- Pathogen: Listeria monocytogenes
- Source: Pasta meal products produced by Nate's Fine Foods
- Location: United States
- Date: June 2025 – February 2026
- Hospitalized cases: 27
- Deaths: 7

= 2025 United States listeriosis outbreak =

Widespread outbreak of food poisoning

The 2025 United States listeriosis outbreak was a widespread outbreak of listeriosis linked to pre-made pasta meal products traced back to Nate's Fine Foods and distributed in national grocery store chains across the country. The outbreak was first reported in June 2025, and as of November 5, there have been cases in 18 states: California, Florida, Hawaii, Illinois, Indiana, Louisiana, Michigan, Minnesota, Missouri, North Carolina, Nevada, Ohio, Oregon, South Carolina, Texas, Utah, Virginia, and Washington. The case was closed by the Centers for Disease Control and Prevention (CDC) in February 2026.

== Background ==
There were previously been listeriosis outbreaks in the United States, most recently being an outbreak in 2024 linked to deli meats in Virginia.
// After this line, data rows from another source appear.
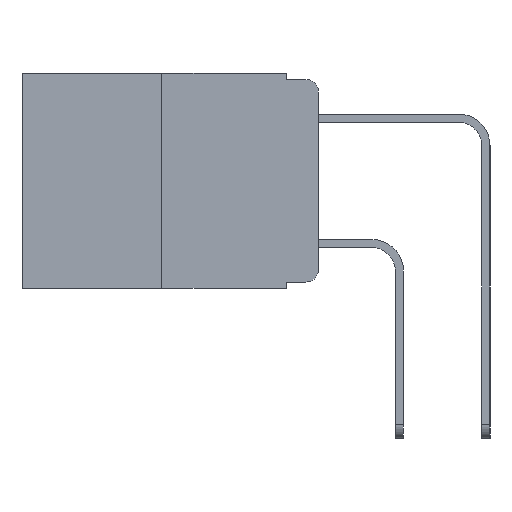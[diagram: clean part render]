
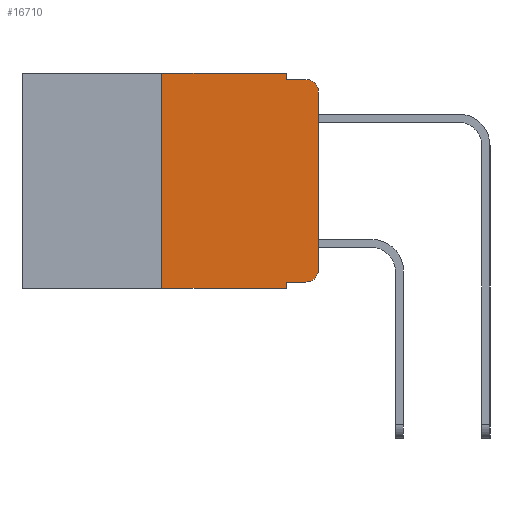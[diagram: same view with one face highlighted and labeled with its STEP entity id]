
A CAD part, left-side view. The second image highlights one B-rep face of the part: STEP entity #16710.
In plain terms, the highlighted planar face has unit normal (-1, 0, 0).
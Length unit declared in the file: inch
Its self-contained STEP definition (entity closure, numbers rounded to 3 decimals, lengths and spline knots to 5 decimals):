
#115 = VECTOR ( 'NONE', #1795, 39.37008 ) ;
#677 = ORIENTED_EDGE ( 'NONE', *, *, #3418, .F. ) ;
#808 = ORIENTED_EDGE ( 'NONE', *, *, #10693, .F. ) ;
#862 = ORIENTED_EDGE ( 'NONE', *, *, #11568, .F. ) ;
#904 = DIRECTION ( 'NONE',  ( 0., 0., -1. ) ) ;
#1256 = VECTOR ( 'NONE', #7580, 39.37008 ) ;
#1462 = LINE ( 'NONE', #16026, #15353 ) ;
#1612 = VERTEX_POINT ( 'NONE', #7411 ) ;
#1795 = DIRECTION ( 'NONE',  ( 0., -1., 0. ) ) ;
#1970 = AXIS2_PLACEMENT_3D ( 'NONE', #1972, #11515, #3391 ) ;
#1972 = CARTESIAN_POINT ( 'NONE',  ( 0., 0.02, -0.03 ) ) ;
#2082 = CARTESIAN_POINT ( 'NONE',  ( 0., 0.051, -0.343 ) ) ;
#2374 = AXIS2_PLACEMENT_3D ( 'NONE', #16957, #9183, #904 ) ;
#3381 = EDGE_CURVE ( 'NONE', #4718, #16646, #13542, .T. ) ;
#3391 = DIRECTION ( 'NONE',  ( 0., 0., -1. ) ) ;
#3410 = CARTESIAN_POINT ( 'NONE',  ( 0., 0.25, 0. ) ) ;
#3418 = EDGE_CURVE ( 'NONE', #8418, #3459, #16611, .T. ) ;
#3451 = ORIENTED_EDGE ( 'NONE', *, *, #7071, .F. ) ;
#3459 = VERTEX_POINT ( 'NONE', #13048 ) ;
#3487 = FACE_OUTER_BOUND ( 'NONE', #13027, .T. ) ;
#3638 = ORIENTED_EDGE ( 'NONE', *, *, #17235, .T. ) ;
#3780 = VECTOR ( 'NONE', #7198, 39.37008 ) ;
#4718 = VERTEX_POINT ( 'NONE', #4750 ) ;
#4750 = CARTESIAN_POINT ( 'NONE',  ( 0., 0.02, -0.333 ) ) ;
#5183 = DIRECTION ( 'NONE',  ( 0., 0., 1. ) ) ;
#5240 = EDGE_CURVE ( 'NONE', #14756, #4718, #14905, .T. ) ;
#6093 = CARTESIAN_POINT ( 'NONE',  ( 0., 0.051, -0.333 ) ) ;
#6271 = CARTESIAN_POINT ( 'NONE',  ( 0., 0.473, 0. ) ) ;
#6347 = VECTOR ( 'NONE', #7499, 39.37008 ) ;
#6816 = ORIENTED_EDGE ( 'NONE', *, *, #12413, .T. ) ;
#7004 = CARTESIAN_POINT ( 'NONE',  ( 0., 0.25, -0.343 ) ) ;
#7071 = EDGE_CURVE ( 'NONE', #14756, #16597, #11006, .T. ) ;
#7132 = ORIENTED_EDGE ( 'NONE', *, *, #3381, .T. ) ;
#7198 = DIRECTION ( 'NONE',  ( 0., 0., -1. ) ) ;
#7325 = ORIENTED_EDGE ( 'NONE', *, *, #15902, .T. ) ;
#7411 = CARTESIAN_POINT ( 'NONE',  ( 0., 0.051, -0.01 ) ) ;
#7499 = DIRECTION ( 'NONE',  ( 0., 0., 1. ) ) ;
#7541 = ORIENTED_EDGE ( 'NONE', *, *, #5240, .T. ) ;
#7580 = DIRECTION ( 'NONE',  ( 0., -1., 0. ) ) ;
#7744 = DIRECTION ( 'NONE',  ( -1., 0., 0. ) ) ;
#7827 = PLANE ( 'NONE',  #2374 ) ;
#7981 = ORIENTED_EDGE ( 'NONE', *, *, #7995, .F. ) ;
#7995 = EDGE_CURVE ( 'NONE', #8797, #8418, #12192, .T. ) ;
#8418 = VERTEX_POINT ( 'NONE', #3410 ) ;
#8797 = VERTEX_POINT ( 'NONE', #7004 ) ;
#9183 = DIRECTION ( 'NONE',  ( 1., 0., 0. ) ) ;
#9256 = VECTOR ( 'NONE', #14069, 39.37008 ) ;
#9801 = VERTEX_POINT ( 'NONE', #12809 ) ;
#9900 = AXIS2_PLACEMENT_3D ( 'NONE', #14241, #7744, #16930 ) ;
#9910 = LINE ( 'NONE', #14063, #6347 ) ;
#10693 = EDGE_CURVE ( 'NONE', #3459, #1612, #1462, .T. ) ;
#11006 = LINE ( 'NONE', #11195, #3780 ) ;
#11069 = CIRCLE ( 'NONE', #1970, 0.02 ) ;
#11195 = CARTESIAN_POINT ( 'NONE',  ( 0., 0.051, 0. ) ) ;
#11515 = DIRECTION ( 'NONE',  ( -1., 0., 0. ) ) ;
#11568 = EDGE_CURVE ( 'NONE', #1612, #9801, #13704, .T. ) ;
#12127 = LINE ( 'NONE', #15497, #1256 ) ;
#12192 = LINE ( 'NONE', #13168, #15631 ) ;
#12413 = EDGE_CURVE ( 'NONE', #13289, #9801, #11069, .T. ) ;
#12796 = CARTESIAN_POINT ( 'NONE',  ( 0., 0.051, -0.333 ) ) ;
#12809 = CARTESIAN_POINT ( 'NONE',  ( 0., 0.02, -0.01 ) ) ;
#13021 = CARTESIAN_POINT ( 'NONE',  ( 0., 0., -0.313 ) ) ;
#13027 = EDGE_LOOP ( 'NONE', ( #7325, #6816, #862, #808, #677, #7981, #3638, #3451, #7541, #7132 ) ) ;
#13048 = CARTESIAN_POINT ( 'NONE',  ( 0., 0.051, 0. ) ) ;
#13168 = CARTESIAN_POINT ( 'NONE',  ( 0., 0.25, 0. ) ) ;
#13289 = VERTEX_POINT ( 'NONE', #16134 ) ;
#13458 = DIRECTION ( 'NONE',  ( 0., 0., -1. ) ) ;
#13542 = CIRCLE ( 'NONE', #9900, 0.02 ) ;
#13704 = LINE ( 'NONE', #15303, #115 ) ;
#14005 = DIRECTION ( 'NONE',  ( 0., -1., 0. ) ) ;
#14063 = CARTESIAN_POINT ( 'NONE',  ( 0., 0., 0. ) ) ;
#14069 = DIRECTION ( 'NONE',  ( 0., -1., 0. ) ) ;
#14241 = CARTESIAN_POINT ( 'NONE',  ( 0., 0.02, -0.313 ) ) ;
#14756 = VERTEX_POINT ( 'NONE', #12796 ) ;
#14905 = LINE ( 'NONE', #6093, #15741 ) ;
#15303 = CARTESIAN_POINT ( 'NONE',  ( 0., 0.051, -0.01 ) ) ;
#15353 = VECTOR ( 'NONE', #13458, 39.37008 ) ;
#15497 = CARTESIAN_POINT ( 'NONE',  ( 0., 0.473, -0.343 ) ) ;
#15631 = VECTOR ( 'NONE', #5183, 39.37008 ) ;
#15741 = VECTOR ( 'NONE', #14005, 39.37008 ) ;
#15902 = EDGE_CURVE ( 'NONE', #16646, #13289, #9910, .T. ) ;
#16026 = CARTESIAN_POINT ( 'NONE',  ( 0., 0.051, 0. ) ) ;
#16134 = CARTESIAN_POINT ( 'NONE',  ( 0., 0., -0.03 ) ) ;
#16597 = VERTEX_POINT ( 'NONE', #2082 ) ;
#16611 = LINE ( 'NONE', #6271, #9256 ) ;
#16646 = VERTEX_POINT ( 'NONE', #13021 ) ;
#16710 = ADVANCED_FACE ( 'NONE', ( #3487 ), #7827, .F. ) ;
#16930 = DIRECTION ( 'NONE',  ( 0., 0., -1. ) ) ;
#16957 = CARTESIAN_POINT ( 'NONE',  ( 0., 0.473, 0. ) ) ;
#17235 = EDGE_CURVE ( 'NONE', #8797, #16597, #12127, .T. ) ;

Pregnant women, newborns, and elderly with immunodeficiency are most at risk of developing symptoms. Common symptoms include fever, fatigue, and muscle aches. Particularly for pregnant women, more serious conditions can include miscarriages, premature delivery, or life-threatening infection of newborns. Listeriosis takes 3–4 weeks to incubate human cells and show symptoms, making it difficult to properly monitor the outbreak across different states. Furthermore, some people recover without medical care and are not tested, leaving their cases unreported.

== Timeline ==
The outbreak started in June 2025, when several brands issued recalls of ready-to-eat chicken fettucine Alfredo meal products made by FreshRealm Inc., which were being sold under the brands Home Chef and Marketside at Kroger and Walmart respectively. Prior to this, in February 2025, around two million baked goods, including those sold by large businesses like Dunkin', were recalled over concerns of listeria.

In response, businesses began testing their pasta samples, some of which returned as positive for Listeria in September 2025. Further testing confirmed it was the same strain in previously recalled products, and prompted the recall of two additional products, which shared the same pasta supplier, Nate's Fine Foods.

Nate's later expanded their call to include batches of other precooked pasta, including fettucine, linguine, and farfalle. In addition to Kroger and Walmart, their products were also sold at Sprouts Farmers Market, Albertsons, and Trader Joe's stores.

A FDA update from October 30 reported seven new cases and three new states, along with two additional deaths from Hawaii and Oregon respectively.

In February 2026, the CDC officially closed the case for the outbreak. There were 27 total hospitalizations and 7 deaths across 19 states.